| INFORMATION |
::::::::
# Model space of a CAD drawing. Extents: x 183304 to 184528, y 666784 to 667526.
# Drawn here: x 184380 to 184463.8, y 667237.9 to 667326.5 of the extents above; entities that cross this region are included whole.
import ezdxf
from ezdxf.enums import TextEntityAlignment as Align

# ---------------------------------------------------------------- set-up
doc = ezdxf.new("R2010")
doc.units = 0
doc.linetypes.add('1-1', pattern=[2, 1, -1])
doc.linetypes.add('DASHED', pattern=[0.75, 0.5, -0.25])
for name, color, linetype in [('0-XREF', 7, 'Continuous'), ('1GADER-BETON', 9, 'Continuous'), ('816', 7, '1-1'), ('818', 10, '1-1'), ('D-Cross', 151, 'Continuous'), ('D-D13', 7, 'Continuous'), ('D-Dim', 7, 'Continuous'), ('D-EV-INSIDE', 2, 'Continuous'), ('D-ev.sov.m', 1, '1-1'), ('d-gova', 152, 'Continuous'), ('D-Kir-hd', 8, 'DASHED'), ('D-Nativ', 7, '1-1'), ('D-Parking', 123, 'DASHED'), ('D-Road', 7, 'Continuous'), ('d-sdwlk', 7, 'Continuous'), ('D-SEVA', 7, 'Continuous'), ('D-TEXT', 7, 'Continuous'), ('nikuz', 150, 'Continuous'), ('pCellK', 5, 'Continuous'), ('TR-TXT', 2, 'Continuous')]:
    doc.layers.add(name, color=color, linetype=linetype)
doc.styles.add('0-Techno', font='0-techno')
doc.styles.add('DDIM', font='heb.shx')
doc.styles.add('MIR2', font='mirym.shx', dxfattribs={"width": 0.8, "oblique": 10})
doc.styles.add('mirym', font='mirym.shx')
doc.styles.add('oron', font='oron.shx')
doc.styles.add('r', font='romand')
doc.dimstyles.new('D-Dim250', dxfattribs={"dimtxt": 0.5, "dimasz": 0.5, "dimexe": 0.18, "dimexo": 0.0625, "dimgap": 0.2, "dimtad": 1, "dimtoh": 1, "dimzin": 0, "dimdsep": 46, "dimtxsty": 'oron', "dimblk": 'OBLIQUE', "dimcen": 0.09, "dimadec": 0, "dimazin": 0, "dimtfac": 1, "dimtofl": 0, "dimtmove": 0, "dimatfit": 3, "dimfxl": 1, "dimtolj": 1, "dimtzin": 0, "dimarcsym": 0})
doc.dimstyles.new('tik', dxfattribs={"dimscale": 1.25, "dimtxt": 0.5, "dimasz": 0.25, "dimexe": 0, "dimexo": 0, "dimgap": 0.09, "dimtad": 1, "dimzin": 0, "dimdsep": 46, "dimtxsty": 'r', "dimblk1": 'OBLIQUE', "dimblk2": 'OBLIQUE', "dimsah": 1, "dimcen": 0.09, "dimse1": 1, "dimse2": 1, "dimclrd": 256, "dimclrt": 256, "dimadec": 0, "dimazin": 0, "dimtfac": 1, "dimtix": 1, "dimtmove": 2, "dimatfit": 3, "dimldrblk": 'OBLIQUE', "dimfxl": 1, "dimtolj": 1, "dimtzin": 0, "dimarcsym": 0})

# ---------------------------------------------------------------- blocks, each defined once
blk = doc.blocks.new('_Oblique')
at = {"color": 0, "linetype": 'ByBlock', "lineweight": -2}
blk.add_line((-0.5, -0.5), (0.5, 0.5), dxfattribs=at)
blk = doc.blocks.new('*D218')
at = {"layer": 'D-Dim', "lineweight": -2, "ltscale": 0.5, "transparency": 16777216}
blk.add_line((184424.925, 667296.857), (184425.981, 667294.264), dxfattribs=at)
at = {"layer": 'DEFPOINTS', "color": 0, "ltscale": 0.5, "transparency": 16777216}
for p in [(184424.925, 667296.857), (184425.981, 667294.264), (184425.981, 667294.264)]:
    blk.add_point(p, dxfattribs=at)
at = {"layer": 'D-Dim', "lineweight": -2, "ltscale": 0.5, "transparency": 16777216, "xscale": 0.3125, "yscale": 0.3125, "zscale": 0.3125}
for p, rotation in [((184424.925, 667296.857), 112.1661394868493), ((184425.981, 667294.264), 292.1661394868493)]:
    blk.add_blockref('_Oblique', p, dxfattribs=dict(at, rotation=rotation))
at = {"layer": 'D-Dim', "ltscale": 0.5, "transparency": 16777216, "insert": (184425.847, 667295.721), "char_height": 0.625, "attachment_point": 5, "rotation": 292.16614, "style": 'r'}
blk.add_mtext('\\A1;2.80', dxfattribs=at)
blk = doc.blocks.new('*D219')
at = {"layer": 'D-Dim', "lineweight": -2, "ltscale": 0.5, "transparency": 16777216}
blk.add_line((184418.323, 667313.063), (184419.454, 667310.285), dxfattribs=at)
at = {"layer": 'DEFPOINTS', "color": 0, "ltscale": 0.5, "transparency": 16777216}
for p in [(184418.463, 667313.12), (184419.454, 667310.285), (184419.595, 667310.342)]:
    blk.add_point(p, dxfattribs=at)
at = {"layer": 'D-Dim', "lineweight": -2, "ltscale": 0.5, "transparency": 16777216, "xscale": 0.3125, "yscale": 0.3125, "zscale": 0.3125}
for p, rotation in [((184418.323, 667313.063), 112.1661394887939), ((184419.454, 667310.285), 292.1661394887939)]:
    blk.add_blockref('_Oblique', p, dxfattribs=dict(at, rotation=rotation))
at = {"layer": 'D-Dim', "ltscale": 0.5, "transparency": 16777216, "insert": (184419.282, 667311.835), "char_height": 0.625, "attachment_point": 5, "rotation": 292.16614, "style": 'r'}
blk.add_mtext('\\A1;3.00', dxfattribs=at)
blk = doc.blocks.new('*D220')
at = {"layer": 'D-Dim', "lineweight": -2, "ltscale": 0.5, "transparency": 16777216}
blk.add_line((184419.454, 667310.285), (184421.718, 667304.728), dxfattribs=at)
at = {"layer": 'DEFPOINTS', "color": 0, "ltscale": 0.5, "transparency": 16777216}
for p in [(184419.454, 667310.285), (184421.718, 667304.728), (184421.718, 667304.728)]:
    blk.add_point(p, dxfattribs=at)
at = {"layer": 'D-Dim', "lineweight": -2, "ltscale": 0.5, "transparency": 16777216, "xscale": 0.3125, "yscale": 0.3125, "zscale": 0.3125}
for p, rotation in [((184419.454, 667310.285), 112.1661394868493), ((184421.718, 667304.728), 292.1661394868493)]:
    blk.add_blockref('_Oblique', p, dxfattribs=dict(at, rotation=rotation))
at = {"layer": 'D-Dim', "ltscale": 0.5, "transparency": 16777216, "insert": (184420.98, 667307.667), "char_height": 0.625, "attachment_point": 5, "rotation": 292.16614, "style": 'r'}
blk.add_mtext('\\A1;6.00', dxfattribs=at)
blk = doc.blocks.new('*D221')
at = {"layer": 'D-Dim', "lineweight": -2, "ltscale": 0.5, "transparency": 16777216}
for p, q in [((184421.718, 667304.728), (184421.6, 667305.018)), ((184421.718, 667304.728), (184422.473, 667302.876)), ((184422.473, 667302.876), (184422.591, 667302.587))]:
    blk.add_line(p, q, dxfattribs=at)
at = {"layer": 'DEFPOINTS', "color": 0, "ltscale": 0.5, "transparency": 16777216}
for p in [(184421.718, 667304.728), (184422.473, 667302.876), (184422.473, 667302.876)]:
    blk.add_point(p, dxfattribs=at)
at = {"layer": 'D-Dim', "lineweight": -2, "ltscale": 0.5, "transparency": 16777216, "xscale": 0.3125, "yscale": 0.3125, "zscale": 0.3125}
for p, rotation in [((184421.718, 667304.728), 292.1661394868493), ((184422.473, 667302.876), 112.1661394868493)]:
::::::::
| ABOUT THIS TASK |
The listing above must be written out again in its entirety, exactly as given.

| RESULT OF THE TASK |
# Model space of a CAD drawing. Extents: x 183304 to 184528, y 666784 to 667526.
# Drawn here: x 184380 to 184463.8, y 667237.9 to 667326.5 of the extents above; entities that cross this region are included whole.
import ezdxf
from ezdxf.enums import TextEntityAlignment as Align

# ---------------------------------------------------------------- set-up
doc = ezdxf.new("R2010")
doc.units = 0
doc.linetypes.add('1-1', pattern=[2, 1, -1])
doc.linetypes.add('DASHED', pattern=[0.75, 0.5, -0.25])
for name, color, linetype in [('0-XREF', 7, 'Continuous'), ('1GADER-BETON', 9, 'Continuous'), ('816', 7, '1-1'), ('818', 10, '1-1'), ('D-Cross', 151, 'Continuous'), ('D-D13', 7, 'Continuous'), ('D-Dim', 7, 'Continuous'), ('D-EV-INSIDE', 2, 'Continuous'), ('D-ev.sov.m', 1, '1-1'), ('d-gova', 152, 'Continuous'), ('D-Kir-hd', 8, 'DASHED'), ('D-Nativ', 7, '1-1'), ('D-Parking', 123, 'DASHED'), ('D-Road', 7, 'Continuous'), ('d-sdwlk', 7, 'Continuous'), ('D-SEVA', 7, 'Continuous'), ('D-TEXT', 7, 'Continuous'), ('nikuz', 150, 'Continuous'), ('pCellK', 5, 'Continuous'), ('TR-TXT', 2, 'Continuous')]:
    doc.layers.add(name, color=color, linetype=linetype)
doc.styles.add('0-Techno', font='0-techno')
doc.styles.add('DDIM', font='heb.shx')
doc.styles.add('MIR2', font='mirym.shx', dxfattribs={"width": 0.8, "oblique": 10})
doc.styles.add('mirym', font='mirym.shx')
doc.styles.add('oron', font='oron.shx')
doc.styles.add('r', font='romand')
doc.dimstyles.new('D-Dim250', dxfattribs={"dimtxt": 0.5, "dimasz": 0.5, "dimexe": 0.18, "dimexo": 0.0625, "dimgap": 0.2, "dimtad": 1, "dimtoh": 1, "dimzin": 0, "dimdsep": 46, "dimtxsty": 'oron', "dimblk": 'OBLIQUE', "dimcen": 0.09, "dimadec": 0, "dimazin": 0, "dimtfac": 1, "dimtofl": 0, "dimtmove": 0, "dimatfit": 3, "dimfxl": 1, "dimtolj": 1, "dimtzin": 0, "dimarcsym": 0})
doc.dimstyles.new('tik', dxfattribs={"dimscale": 1.25, "dimtxt": 0.5, "dimasz": 0.25, "dimexe": 0, "dimexo": 0, "dimgap": 0.09, "dimtad": 1, "dimzin": 0, "dimdsep": 46, "dimtxsty": 'r', "dimblk1": 'OBLIQUE', "dimblk2": 'OBLIQUE', "dimsah": 1, "dimcen": 0.09, "dimse1": 1, "dimse2": 1, "dimclrd": 256, "dimclrt": 256, "dimadec": 0, "dimazin": 0, "dimtfac": 1, "dimtix": 1, "dimtmove": 2, "dimatfit": 3, "dimldrblk": 'OBLIQUE', "dimfxl": 1, "dimtolj": 1, "dimtzin": 0, "dimarcsym": 0})

# ---------------------------------------------------------------- blocks, each defined once
blk = doc.blocks.new('_Oblique')
at = {"color": 0, "linetype": 'ByBlock', "lineweight": -2}
blk.add_line((-0.5, -0.5), (0.5, 0.5), dxfattribs=at)
blk = doc.blocks.new('*D218')
at = {"layer": 'D-Dim', "lineweight": -2, "ltscale": 0.5, "transparency": 16777216}
blk.add_line((184424.925, 667296.857), (184425.981, 667294.264), dxfattribs=at)
at = {"layer": 'DEFPOINTS', "color": 0, "ltscale": 0.5, "transparency": 16777216}
for p in [(184424.925, 667296.857), (184425.981, 667294.264), (184425.981, 667294.264)]:
    blk.add_point(p, dxfattribs=at)
at = {"layer": 'D-Dim', "lineweight": -2, "ltscale": 0.5, "transparency": 16777216, "xscale": 0.3125, "yscale": 0.3125, "zscale": 0.3125}
for p, rotation in [((184424.925, 667296.857), 112.1661394868493), ((184425.981, 667294.264), 292.1661394868493)]:
    blk.add_blockref('_Oblique', p, dxfattribs=dict(at, rotation=rotation))
at = {"layer": 'D-Dim', "ltscale": 0.5, "transparency": 16777216, "insert": (184425.847, 667295.721), "char_height": 0.625, "attachment_point": 5, "rotation": 292.16614, "style": 'r'}
blk.add_mtext('\\A1;2.80', dxfattribs=at)
blk = doc.blocks.new('*D219')
at = {"layer": 'D-Dim', "lineweight": -2, "ltscale": 0.5, "transparency": 16777216}
blk.add_line((184418.323, 667313.063), (184419.454, 667310.285), dxfattribs=at)
at = {"layer": 'DEFPOINTS', "color": 0, "ltscale": 0.5, "transparency": 16777216}
for p in [(184418.463, 667313.12), (184419.454, 667310.285), (184419.595, 667310.342)]:
    blk.add_point(p, dxfattribs=at)
at = {"layer": 'D-Dim', "lineweight": -2, "ltscale": 0.5, "transparency": 16777216, "xscale": 0.3125, "yscale": 0.3125, "zscale": 0.3125}
for p, rotation in [((184418.323, 667313.063), 112.1661394887939), ((184419.454, 667310.285), 292.1661394887939)]:
    blk.add_blockref('_Oblique', p, dxfattribs=dict(at, rotation=rotation))
at = {"layer": 'D-Dim', "ltscale": 0.5, "transparency": 16777216, "insert": (184419.282, 667311.835), "char_height": 0.625, "attachment_point": 5, "rotation": 292.16614, "style": 'r'}
blk.add_mtext('\\A1;3.00', dxfattribs=at)
blk = doc.blocks.new('*D220')
at = {"layer": 'D-Dim', "lineweight": -2, "ltscale": 0.5, "transparency": 16777216}
blk.add_line((184419.454, 667310.285), (184421.718, 667304.728), dxfattribs=at)
at = {"layer": 'DEFPOINTS', "color": 0, "ltscale": 0.5, "transparency": 16777216}
for p in [(184419.454, 667310.285), (184421.718, 667304.728), (184421.718, 667304.728)]:
    blk.add_point(p, dxfattribs=at)
at = {"layer": 'D-Dim', "lineweight": -2, "ltscale": 0.5, "transparency": 16777216, "xscale": 0.3125, "yscale": 0.3125, "zscale": 0.3125}
for p, rotation in [((184419.454, 667310.285), 112.1661394868493), ((184421.718, 667304.728), 292.1661394868493)]:
    blk.add_blockref('_Oblique', p, dxfattribs=dict(at, rotation=rotation))
at = {"layer": 'D-Dim', "ltscale": 0.5, "transparency": 16777216, "insert": (184420.98, 667307.667), "char_height": 0.625, "attachment_point": 5, "rotation": 292.16614, "style": 'r'}
blk.add_mtext('\\A1;6.00', dxfattribs=at)
blk = doc.blocks.new('*D221')
at = {"layer": 'D-Dim', "lineweight": -2, "ltscale": 0.5, "transparency": 16777216}
for p, q in [((184421.718, 667304.728), (184421.6, 667305.018)), ((184421.718, 667304.728), (184422.473, 667302.876)), ((184422.473, 667302.876), (184422.591, 667302.587))]:
    blk.add_line(p, q, dxfattribs=at)
at = {"layer": 'DEFPOINTS', "color": 0, "ltscale": 0.5, "transparency": 16777216}
for p in [(184421.718, 667304.728), (184422.473, 667302.876), (184422.473, 667302.876)]:
    blk.add_point(p, dxfattribs=at)
at = {"layer": 'D-Dim', "lineweight": -2, "ltscale": 0.5, "transparency": 16777216, "xscale": 0.3125, "yscale": 0.3125, "zscale": 0.3125}
for p, rotation in [((184421.718, 667304.728), 292.1661394868493), ((184422.473, 667302.876), 112.1661394868493)]:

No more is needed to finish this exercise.